И, когда сейчас я ставлю перед собой вопрос: Сулержицкий наступал искусством театра на темные стороны действительности или же от этих темных сторон действительности отступал в искусство театра, — не смогу решительно ответить «наступал», но ни за что на свете не позволю себе и другим назвать Сулержицкого дезертиром. Протестую против этого всеми силами.
Было бы жестокой несправедливостью счесть его беглецом от действительности. Если он и бежал от нее, то не как дезертир, заслуживая пули в спину, а как боец, который покидает поле жизненной борьбы лишь смертельно раненным.
<...>
Сулержицкий заботился о нас — людях, пожалуй, больше, чем о художниках сцены. Этим он чрезвычайно разнился от других режиссеров и других театральных воспитателей. В преследовании этических целей Сулержицкий шел гораздо дальше, чём сам Станиславский.
От надежд на себя он отказался давно. Но тем более надеялся на нас, верил в то, что студийцы станут настоящими людьми, не только настоящими артистами. Он всеми силами добивался желаемого.
Мы — студийцы — знали Леопольда Антоновича другим, чем знали его Горький, Станиславский. Для них «он был младшим сыном, для нас — отцом. И не только отцом, но и воспитателем и нянькой — к великой пользе нашей и часто к ущербу для самого себя.
<...>
Сущность трудовой этики, к какой тогда звал Сулержицкий, то есть неуклонное сохранение всех условий, внешних и внутренних, благоприятствующих творчеству, не подвергается и сейчас сомнению.
И если во времена Сулержицкого атмосфера студии имела несколько «монастырский» оттенок, смешной, ненужный и даже вредный сейчас, — самую сущность трудовой этики — ответственность каждого перед всеми — необходимо сохранить и в современном театре. Ведь дисциплина актера — бойца идеологического фронта — стала близкой к боевой дисциплине. Советский актер не смеет демобилизовываться до тех пор, пока в строю, то есть до тех пор, пока он участвует в спектакле.
Архаичен стиль Сулержицкого, но то, что он требовал от своих учеников не рассеиваться на работе, не расхлестываться во время спектакля, должно быть и нашим требованием к любому современному актеру. Сцена — передний край. Кулисы — тыл.

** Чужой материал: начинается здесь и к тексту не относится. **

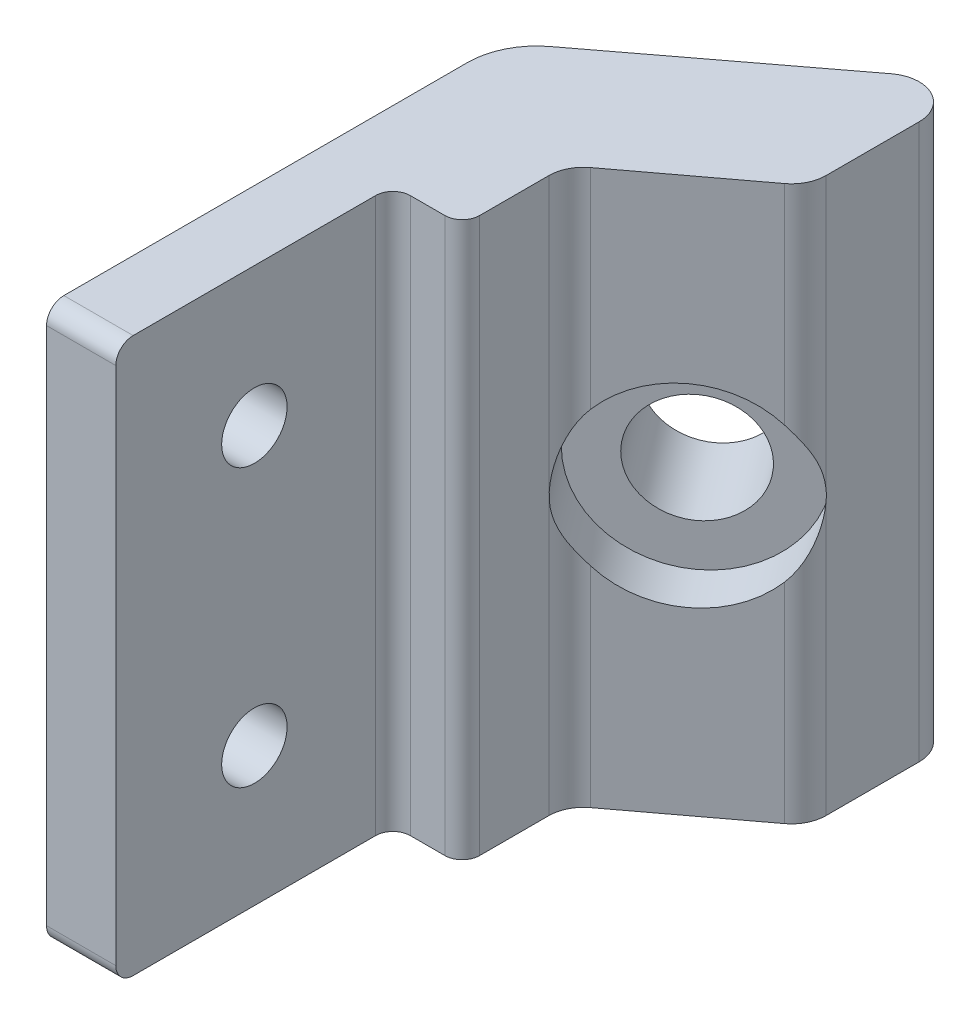
ISO-10303-21;
HEADER;
FILE_DESCRIPTION(('STEP AP214'),'2;1');
FILE_NAME('part.step','',(''),(''),'','','');
FILE_SCHEMA(('AUTOMOTIVE_DESIGN { 1 0 10303 214 1 1 1 1 }'));
ENDSEC;
DATA;
#1=APPLICATION_CONTEXT('core data for automotive mechanical design processes');
#2=APPLICATION_PROTOCOL_DEFINITION('international standard','automotive_design',2000,#1);
#3=PRODUCT_CONTEXT('',#1,'mechanical');
#4=PRODUCT('Part','Part','',(#3));
#5=PRODUCT_RELATED_PRODUCT_CATEGORY('part','',(#4));
#6=PRODUCT_DEFINITION_FORMATION('','',#4);
#7=PRODUCT_DEFINITION_CONTEXT('part definition',#1,'design');
#8=PRODUCT_DEFINITION('design','',#6,#7);
#9=PRODUCT_DEFINITION_SHAPE('','',#8);
#10=(LENGTH_UNIT() NAMED_UNIT(*) SI_UNIT(.MILLI.,.METRE.));
#11=(NAMED_UNIT(*) PLANE_ANGLE_UNIT() SI_UNIT($,.RADIAN.));
#12=(NAMED_UNIT(*) SI_UNIT($,.STERADIAN.) SOLID_ANGLE_UNIT());
#13=UNCERTAINTY_MEASURE_WITH_UNIT(LENGTH_MEASURE(1.E-05),#10,'distance_accuracy_value','');
#14=(GEOMETRIC_REPRESENTATION_CONTEXT(3) GLOBAL_UNCERTAINTY_ASSIGNED_CONTEXT((#13)) GLOBAL_UNIT_ASSIGNED_CONTEXT((#10,
#11,#12)) REPRESENTATION_CONTEXT('',''));
#15=CARTESIAN_POINT('',(0.,0.,0.));
#16=DIRECTION('',(0.,0.,1.));
#17=DIRECTION('',(1.,0.,0.));
#18=AXIS2_PLACEMENT_3D('',#15,#16,#17);
#19=CARTESIAN_POINT('',(31.75,-50.8,0.));
#20=DIRECTION('',(0.,0.,1.));
#21=DIRECTION('',(1.,0.,0.));
#22=AXIS2_PLACEMENT_3D('',#19,#20,#21);
#23=PLANE('',#22);
#24=DIRECTION('',(-1.,0.,0.));
#25=VECTOR('',#24,1.);
#26=CARTESIAN_POINT('',(38.1,-1.58750000000001,0.));
#27=LINE('',#26,#25);
#28=CARTESIAN_POINT('',(38.1,-1.58750000000001,0.));
#29=VERTEX_POINT('',#28);
#30=CARTESIAN_POINT('',(31.75,-1.58750000000001,0.));
#31=VERTEX_POINT('',#30);
#32=EDGE_CURVE('E449',#29,#31,#27,.T.);
#33=ORIENTED_EDGE('',*,*,#32,.T.);
#34=DIRECTION('',(0.,1.,0.));
#35=VECTOR('',#34,1.);
#36=CARTESIAN_POINT('',(31.75,-50.8,0.));
#37=LINE('',#36,#35);
#38=CARTESIAN_POINT('',(31.75,-49.2125,0.));
#39=VERTEX_POINT('',#38);
#40=EDGE_CURVE('E190',#39,#31,#37,.T.);
#41=ORIENTED_EDGE('',*,*,#40,.F.);
#42=DIRECTION('',(-1.,0.,0.));
#43=VECTOR('',#42,1.);
#44=CARTESIAN_POINT('',(38.1,-49.2125,0.));
#45=LINE('',#44,#43);
#46=CARTESIAN_POINT('',(38.1,-49.2125,0.));
#47=VERTEX_POINT('',#46);
#48=EDGE_CURVE('E178',#47,#39,#45,.T.);
#49=ORIENTED_EDGE('',*,*,#48,.F.);
#50=DIRECTION('',(0.,1.,0.));
#51=VECTOR('',#50,1.);
#52=CARTESIAN_POINT('',(38.1,-50.8,0.));
#53=LINE('',#52,#51);
#54=EDGE_CURVE('E188',#47,#29,#53,.T.);
#55=ORIENTED_EDGE('',*,*,#54,.T.);
#56=EDGE_LOOP('',(#33,#41,#49,#55));
#57=FACE_BOUND('',#56,.T.);
#58=ADVANCED_FACE('F41',(#57),#23,.T.);
#59=CARTESIAN_POINT('',(53.975,-50.8,-46.0375));
#60=DIRECTION('',(0.,1.,0.));
#61=DIRECTION('',(0.,0.,1.));
#62=AXIS2_PLACEMENT_3D('',#59,#60,#61);
#63=CYLINDRICAL_SURFACE('',#62,3.175);
#64=CARTESIAN_POINT('',(57.15,-24.876723173018,-46.0375));
#65=CARTESIAN_POINT('',(57.14999327222,-24.783701013145,-46.0283699328731));
#66=CARTESIAN_POINT('',(57.1499610112827,-24.6909378468294,-46.0168482108093));
#67=CARTESIAN_POINT('',(57.1496662931574,-24.5061123371493,-45.9893543044143));
#68=CARTESIAN_POINT('',(57.1494039353851,-24.4140497084356,-45.973384044153));
#69=CARTESIAN_POINT('',(57.1480058395352,-24.1395594876917,-45.9193811692682));
#70=CARTESIAN_POINT('',(57.146260962046,-23.9583278715682,-45.8752037862316));
#71=CARTESIAN_POINT('',(57.1393988303292,-23.5989312238263,-45.773281370185));
#72=CARTESIAN_POINT('',(57.1342652895989,-23.4207852872265,-45.7154716847611));
#73=CARTESIAN_POINT('',(57.118843679538,-23.0683854665152,-45.5892573580935));
#74=CARTESIAN_POINT('',(57.1085513139417,-22.894134953067,-45.5208439189089));
#75=CARTESIAN_POINT('',(57.0760624908927,-22.4851526412214,-45.3488176513561));
#76=CARTESIAN_POINT('',(57.0508541100002,-22.2521651437209,-45.2416075548382));
#77=CARTESIAN_POINT('',(56.9838304278257,-21.793510646844,-45.0170460876804));
#78=CARTESIAN_POINT('',(56.942010919944,-21.5678455174534,-44.8996921541108));
#79=CARTESIAN_POINT('',(56.8385319525899,-21.1254941713354,-44.6599012757596));
#80=CARTESIAN_POINT('',(56.7769836970921,-20.908765135179,-44.5374960948833));
#81=CARTESIAN_POINT('',(56.6306287075674,-20.4842109341543,-44.2914344582644));
#82=CARTESIAN_POINT('',(56.5458459460025,-20.276376845973,-44.1677794180404));
#83=CARTESIAN_POINT('',(56.3707535869939,-19.9148763675364,-43.9503872385135));
#84=CARTESIAN_POINT('',(56.2855632109669,-19.759181015043,-43.8559402846179));
#85=CARTESIAN_POINT('',(56.144172104766,-19.5311983988009,-43.7180872146868));
#86=CARTESIAN_POINT('',(56.094642872308,-19.4559623340291,-43.6726711878565));
#87=CARTESIAN_POINT('',(55.990883866188,-19.307622196993,-43.5836237381145));
#88=CARTESIAN_POINT('',(55.9366510597576,-19.2345195415141,-43.5399934937245));
#89=CARTESIAN_POINT('',(55.88,-19.1626033587517,-43.4975));
#90=B_SPLINE_CURVE_WITH_KNOTS('',3,(#64,#65,#66,#67,#68,#69,#70,#71,#72,#73,#74,#75,#76,#77,#78,
#79,#80,#81,#82,#83,#84,#85,#86,#87,#88,#89),.UNSPECIFIED.,.F.,.F.,(4,2,2,2,2,2,2,2,2,2,2,2,4),
(0.,0.280336922210032,0.560552781607499,1.11947716922896,1.68110759606796,2.24320652740722,
3.01545670389441,3.78790256972704,4.55606881399506,5.32344545882408,5.92561931434398,
6.22811781226873,6.53081282608392),.UNSPECIFIED.);
#91=CARTESIAN_POINT('',(57.15,-24.876723173018,-46.0375));
#92=VERTEX_POINT('',#91);
#93=CARTESIAN_POINT('',(55.88,-19.1626033587517,-43.4975));
#94=VERTEX_POINT('',#93);
#95=EDGE_CURVE('E253',#92,#94,#90,.T.);
#96=ORIENTED_EDGE('',*,*,#95,.F.);
#97=DIRECTION('',(0.,1.,0.));
#98=VECTOR('',#97,1.);
#99=CARTESIAN_POINT('',(57.15,-50.8,-46.0375));
#100=LINE('',#99,#98);
#101=CARTESIAN_POINT('',(57.15,0.,-46.0375));
#102=VERTEX_POINT('',#101);
#103=EDGE_CURVE('E215',#92,#102,#100,.T.);
#104=ORIENTED_EDGE('',*,*,#103,.T.);
#105=CARTESIAN_POINT('',(53.975,0.,-46.0375));
#106=DIRECTION('',(0.,1.,0.));
#107=DIRECTION('',(0.,0.,1.));
#108=AXIS2_PLACEMENT_3D('',#105,#106,#107);
#109=CIRCLE('',#108,3.175);
#110=CARTESIAN_POINT('',(55.88,0.,-43.4975));
#111=VERTEX_POINT('',#110);
#112=EDGE_CURVE('E377',#111,#102,#109,.T.);
#113=ORIENTED_EDGE('',*,*,#112,.F.);
#114=DIRECTION('',(0.,1.,0.));
#115=VECTOR('',#114,1.);
#116=CARTESIAN_POINT('',(55.88,-50.8,-43.4975));
#117=LINE('',#116,#115);
#118=EDGE_CURVE('E219',#94,#111,#117,.T.);
#119=ORIENTED_EDGE('',*,*,#118,.F.);
#120=EDGE_LOOP('',(#96,#104,#113,#119));
#121=FACE_BOUND('',#120,.T.);
#122=ADVANCED_FACE('F301',(#121),#63,.T.);
#123=CARTESIAN_POINT('',(45.72,-50.8,-35.8775));
#124=DIRECTION('',(0.6,0.,0.8));
#125=DIRECTION('',(0.8,0.,-0.6));
#126=AXIS2_PLACEMENT_3D('',#123,#124,#125);
#127=PLANE('',#126);
#128=CARTESIAN_POINT('',(50.8123309885672,-25.4,-39.6967482414254));
#129=DIRECTION('',(0.6,0.,0.8));
#130=DIRECTION('',(0.8,0.,-0.6));
#131=AXIS2_PLACEMENT_3D('',#128,#129,#130);
#132=CIRCLE('',#131,8.88999999999999);
#133=CARTESIAN_POINT('',(45.72,-19.1940667121497,-35.8775));
#134=VERTEX_POINT('',#133);
#135=EDGE_CURVE('E234',#94,#134,#132,.T.);
#136=ORIENTED_EDGE('',*,*,#135,.F.);
#137=ORIENTED_EDGE('',*,*,#118,.T.);
#138=DIRECTION('',(0.8,0.,-0.6));
#139=VECTOR('',#138,1.);
#140=CARTESIAN_POINT('',(45.72,0.,-35.8775));
#141=LINE('',#140,#139);
#142=CARTESIAN_POINT('',(45.72,0.,-35.8775));
#143=VERTEX_POINT('',#142);
#144=EDGE_CURVE('E374',#143,#111,#141,.T.);
#145=ORIENTED_EDGE('',*,*,#144,.F.);
#146=DIRECTION('',(0.,1.,0.));
#147=VECTOR('',#146,1.);
#148=CARTESIAN_POINT('',(45.72,-50.8,-35.8775));
#149=LINE('',#148,#147);
#150=EDGE_CURVE('E223',#134,#143,#149,.T.);
#151=ORIENTED_EDGE('',*,*,#150,.F.);
#152=EDGE_LOOP('',(#136,#137,#145,#151));
#153=FACE_BOUND('',#152,.T.);
#154=ADVANCED_FACE('F277',(#153),#127,.T.);
#155=CARTESIAN_POINT('',(48.2703191722165,-25.4,-43.086097329893));
#156=DIRECTION('',(-0.603638384029419,0.,-0.797258240049202));
#157=DIRECTION('',(-0.797258240049202,0.,0.603638384029419));
#158=AXIS2_PLACEMENT_3D('',#155,#156,#157);
#159=CYLINDRICAL_SURFACE('',#158,5.);
#160=CARTESIAN_POINT('',(42.9039739381949,-25.4,-50.1737230839304));
#161=DIRECTION('',(-0.603638384029419,0.,-0.797258240049202));
#162=DIRECTION('',(-0.797258240049202,0.,0.603638384029419));
#163=AXIS2_PLACEMENT_3D('',#160,#161,#162);
#164=CIRCLE('',#163,5.);
#165=CARTESIAN_POINT('',(38.9176827379489,-25.4,-47.1555311637833));
#166=VERTEX_POINT('',#165);
#167=EDGE_CURVE('E331',#166,#166,#164,.T.);
#168=ORIENTED_EDGE('',*,*,#167,.T.);
#169=EDGE_LOOP('',(#168));
#170=FACE_BOUND('',#169,.T.);
#171=CARTESIAN_POINT('',(48.2212346289432,-25.4,-43.1509259717074));
#172=DIRECTION('',(0.6,0.,0.8));
#173=DIRECTION('',(-0.8,0.,0.6));
#174=AXIS2_PLACEMENT_3D('',#171,#172,#173);
#175=ELLIPSE('',#174,5.0000518882534,5.);
#176=CARTESIAN_POINT('',(44.2211931183405,-25.4,-40.1508948387553));
#177=VERTEX_POINT('',#176);
#178=EDGE_CURVE('E228',#177,#177,#175,.F.);
#179=ORIENTED_EDGE('',*,*,#178,.F.);
#180=EDGE_LOOP('',(#179));
#181=FACE_BOUND('',#180,.T.);
#182=ADVANCED_FACE('F272',(#170,#181),#159,.F.);
#183=CARTESIAN_POINT('',(42.8625,-50.8,-26.9875));
#184=DIRECTION('',(0.,1.,0.));
#185=DIRECTION('',(0.,0.,1.));
#186=AXIS2_PLACEMENT_3D('',#183,#184,#185);
#187=CYLINDRICAL_SURFACE('',#186,1.5875);
#188=CARTESIAN_POINT('',(42.8625,0.,-26.9875));
#189=DIRECTION('',(0.,1.,0.));
#190=DIRECTION('',(0.,0.,-1.));
#191=AXIS2_PLACEMENT_3D('',#188,#189,#190);
#192=CIRCLE('',#191,1.5875);
#193=CARTESIAN_POINT('',(42.8625,0.,-25.4));
#194=VERTEX_POINT('',#193);
#195=CARTESIAN_POINT('',(44.45,0.,-26.9875));
#196=VERTEX_POINT('',#195);
#197=EDGE_CURVE('E365',#194,#196,#192,.T.);
#198=ORIENTED_EDGE('',*,*,#197,.F.);
#199=DIRECTION('',(0.,1.,0.));
#200=VECTOR('',#199,1.);
#201=CARTESIAN_POINT('',(42.8625,-50.8,-25.4));
#202=LINE('',#201,#200);
#203=CARTESIAN_POINT('',(42.8625,-50.8,-25.4));
#204=VERTEX_POINT('',#203);
#205=EDGE_CURVE('E55',#204,#194,#202,.T.);
#206=ORIENTED_EDGE('',*,*,#205,.F.);
#207=CARTESIAN_POINT('',(42.8625,-50.8,-26.9875));
#208=DIRECTION('',(0.,1.,0.));
#209=DIRECTION('',(0.,0.,-1.));
#210=AXIS2_PLACEMENT_3D('',#207,#208,#209);
#211=CIRCLE('',#210,1.5875);
#212=CARTESIAN_POINT('',(44.45,-50.8,-26.9875));
#213=VERTEX_POINT('',#212);
#214=EDGE_CURVE('E403',#204,#213,#211,.T.);
#215=ORIENTED_EDGE('',*,*,#214,.T.);
#216=DIRECTION('',(0.,1.,0.));
#217=VECTOR('',#216,1.);
#218=CARTESIAN_POINT('',(44.45,-50.8,-26.9875));
#219=LINE('',#218,#217);
#220=EDGE_CURVE('E226',#213,#196,#219,.T.);
#221=ORIENTED_EDGE('',*,*,#220,.T.);
#222=EDGE_LOOP('',(#198,#206,#215,#221));
#223=FACE_BOUND('',#222,.T.);
#224=ADVANCED_FACE('F43',(#223),#187,.T.);
#225=CARTESIAN_POINT('',(39.6875,-50.8,-25.4));
#226=DIRECTION('',(0.,0.,1.));
#227=DIRECTION('',(1.,0.,0.));
#228=AXIS2_PLACEMENT_3D('',#225,#226,#227);
#229=PLANE('',#228);
#230=DIRECTION('',(1.,0.,0.));
#231=VECTOR('',#230,1.);
#232=CARTESIAN_POINT('',(39.6875,0.,-25.4));
#233=LINE('',#232,#231);
#234=CARTESIAN_POINT('',(39.6875,0.,-25.4));
#235=VERTEX_POINT('',#234);
#236=EDGE_CURVE('E400',#235,#194,#233,.T.);
#237=ORIENTED_EDGE('',*,*,#236,.F.);
#238=DIRECTION('',(0.,1.,0.));
#239=VECTOR('',#238,1.);
#240=CARTESIAN_POINT('',(39.6875,-50.8,-25.4));
#241=LINE('',#240,#239);
#242=CARTESIAN_POINT('',(39.6875,-50.8,-25.4));
#243=VERTEX_POINT('',#242);
#244=EDGE_CURVE('E198',#243,#235,#241,.T.);
#245=ORIENTED_EDGE('',*,*,#244,.F.);
#246=DIRECTION('',(1.,0.,0.));
#247=VECTOR('',#246,1.);
#248=CARTESIAN_POINT('',(39.6875,-50.8,-25.4));
#249=LINE('',#248,#247);
#250=EDGE_CURVE('E227',#243,#204,#249,.T.);
#251=ORIENTED_EDGE('',*,*,#250,.T.);
#252=ORIENTED_EDGE('',*,*,#205,.T.);
#253=EDGE_LOOP('',(#237,#245,#251,#252));
#254=FACE_BOUND('',#253,.T.);
#255=ADVANCED_FACE('F288',(#254),#229,.T.);
#256=CARTESIAN_POINT('',(39.6875,-50.8,-23.8125));
#257=DIRECTION('',(0.,1.,0.));
#258=DIRECTION('',(0.,0.,1.));
#259=AXIS2_PLACEMENT_3D('',#256,#257,#258);
#260=CYLINDRICAL_SURFACE('',#259,1.5875);
#261=CARTESIAN_POINT('',(39.6875,0.,-23.8125));
#262=DIRECTION('',(0.,-1.,0.));
#263=DIRECTION('',(0.,0.,1.));
#264=AXIS2_PLACEMENT_3D('',#261,#262,#263);
#265=CIRCLE('',#264,1.5875);
#266=CARTESIAN_POINT('',(38.1,0.,-23.8125));
#267=VERTEX_POINT('',#266);
#268=EDGE_CURVE('E397',#267,#235,#265,.T.);
#269=ORIENTED_EDGE('',*,*,#268,.F.);
#270=DIRECTION('',(0.,1.,0.));
#271=VECTOR('',#270,1.);
#272=CARTESIAN_POINT('',(38.1,-50.8,-23.8125));
#273=LINE('',#272,#271);
#274=CARTESIAN_POINT('',(38.1,-50.8,-23.8125));
#275=VERTEX_POINT('',#274);
#276=EDGE_CURVE('E195',#275,#267,#273,.T.);
#277=ORIENTED_EDGE('',*,*,#276,.F.);
#278=CARTESIAN_POINT('',(39.6875,-50.8,-23.8125));
#279=DIRECTION('',(0.,-1.,0.));
#280=DIRECTION('',(0.,0.,1.));
#281=AXIS2_PLACEMENT_3D('',#278,#279,#280);
#282=CIRCLE('',#281,1.5875);
#283=EDGE_CURVE('E360',#275,#243,#282,.T.);
#284=ORIENTED_EDGE('',*,*,#283,.T.);
#285=ORIENTED_EDGE('',*,*,#244,.T.);
#286=EDGE_LOOP('',(#269,#277,#284,#285));
#287=FACE_BOUND('',#286,.T.);
#288=ADVANCED_FACE('F291',(#287),#260,.F.);
#289=CARTESIAN_POINT('',(38.1,-50.8,0.));
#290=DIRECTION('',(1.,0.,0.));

Смешными могли быть отдельные крайности тогдашнего нашего поведения на сцене, но самая сущность профессиональной этики, нашего отношения к творчеству во многом была правильной.
Я не зову нынешнюю театральную молодежь во всем подражать нам — тогдашним. Во многих из нас (я говорю о студийках- актрисах) была, вероятно, излишняя восторженность, неприятная, потому что излишняя. Некоторые из нас целовали втихомолку декорации Художественного театра, прикладывались к надписям «левая сторона», «правая сторона» и прощались (в буквальном смысле слова) со стенами театра, уезжая в отпуск. Все это было наивно. Пусть нынешние молодые приверженность свою искусству выразят по-своему и в новых формах. Но есть такие законы искусства и отношения к труду, которые молодым актерам нельзя забыть. Взрослые актеры пусть встречают молодых, пусть переведут их за руку через порог сцены, пусть благословят на пожизненный труд, дающий минуты вдохновения, пусть помогают их росту, как делали это Станиславский и Сулержицкий.
<...>
Бирман С. Г. Воспоминания о Л. А. Сулержицком // Сулержицкий Л. А. Повести и рассказы. Статьи и заметки о театре. Переписка. Воспоминания о Л. А. Сулержицком. М.: Искусство, 1970. C. 613-620.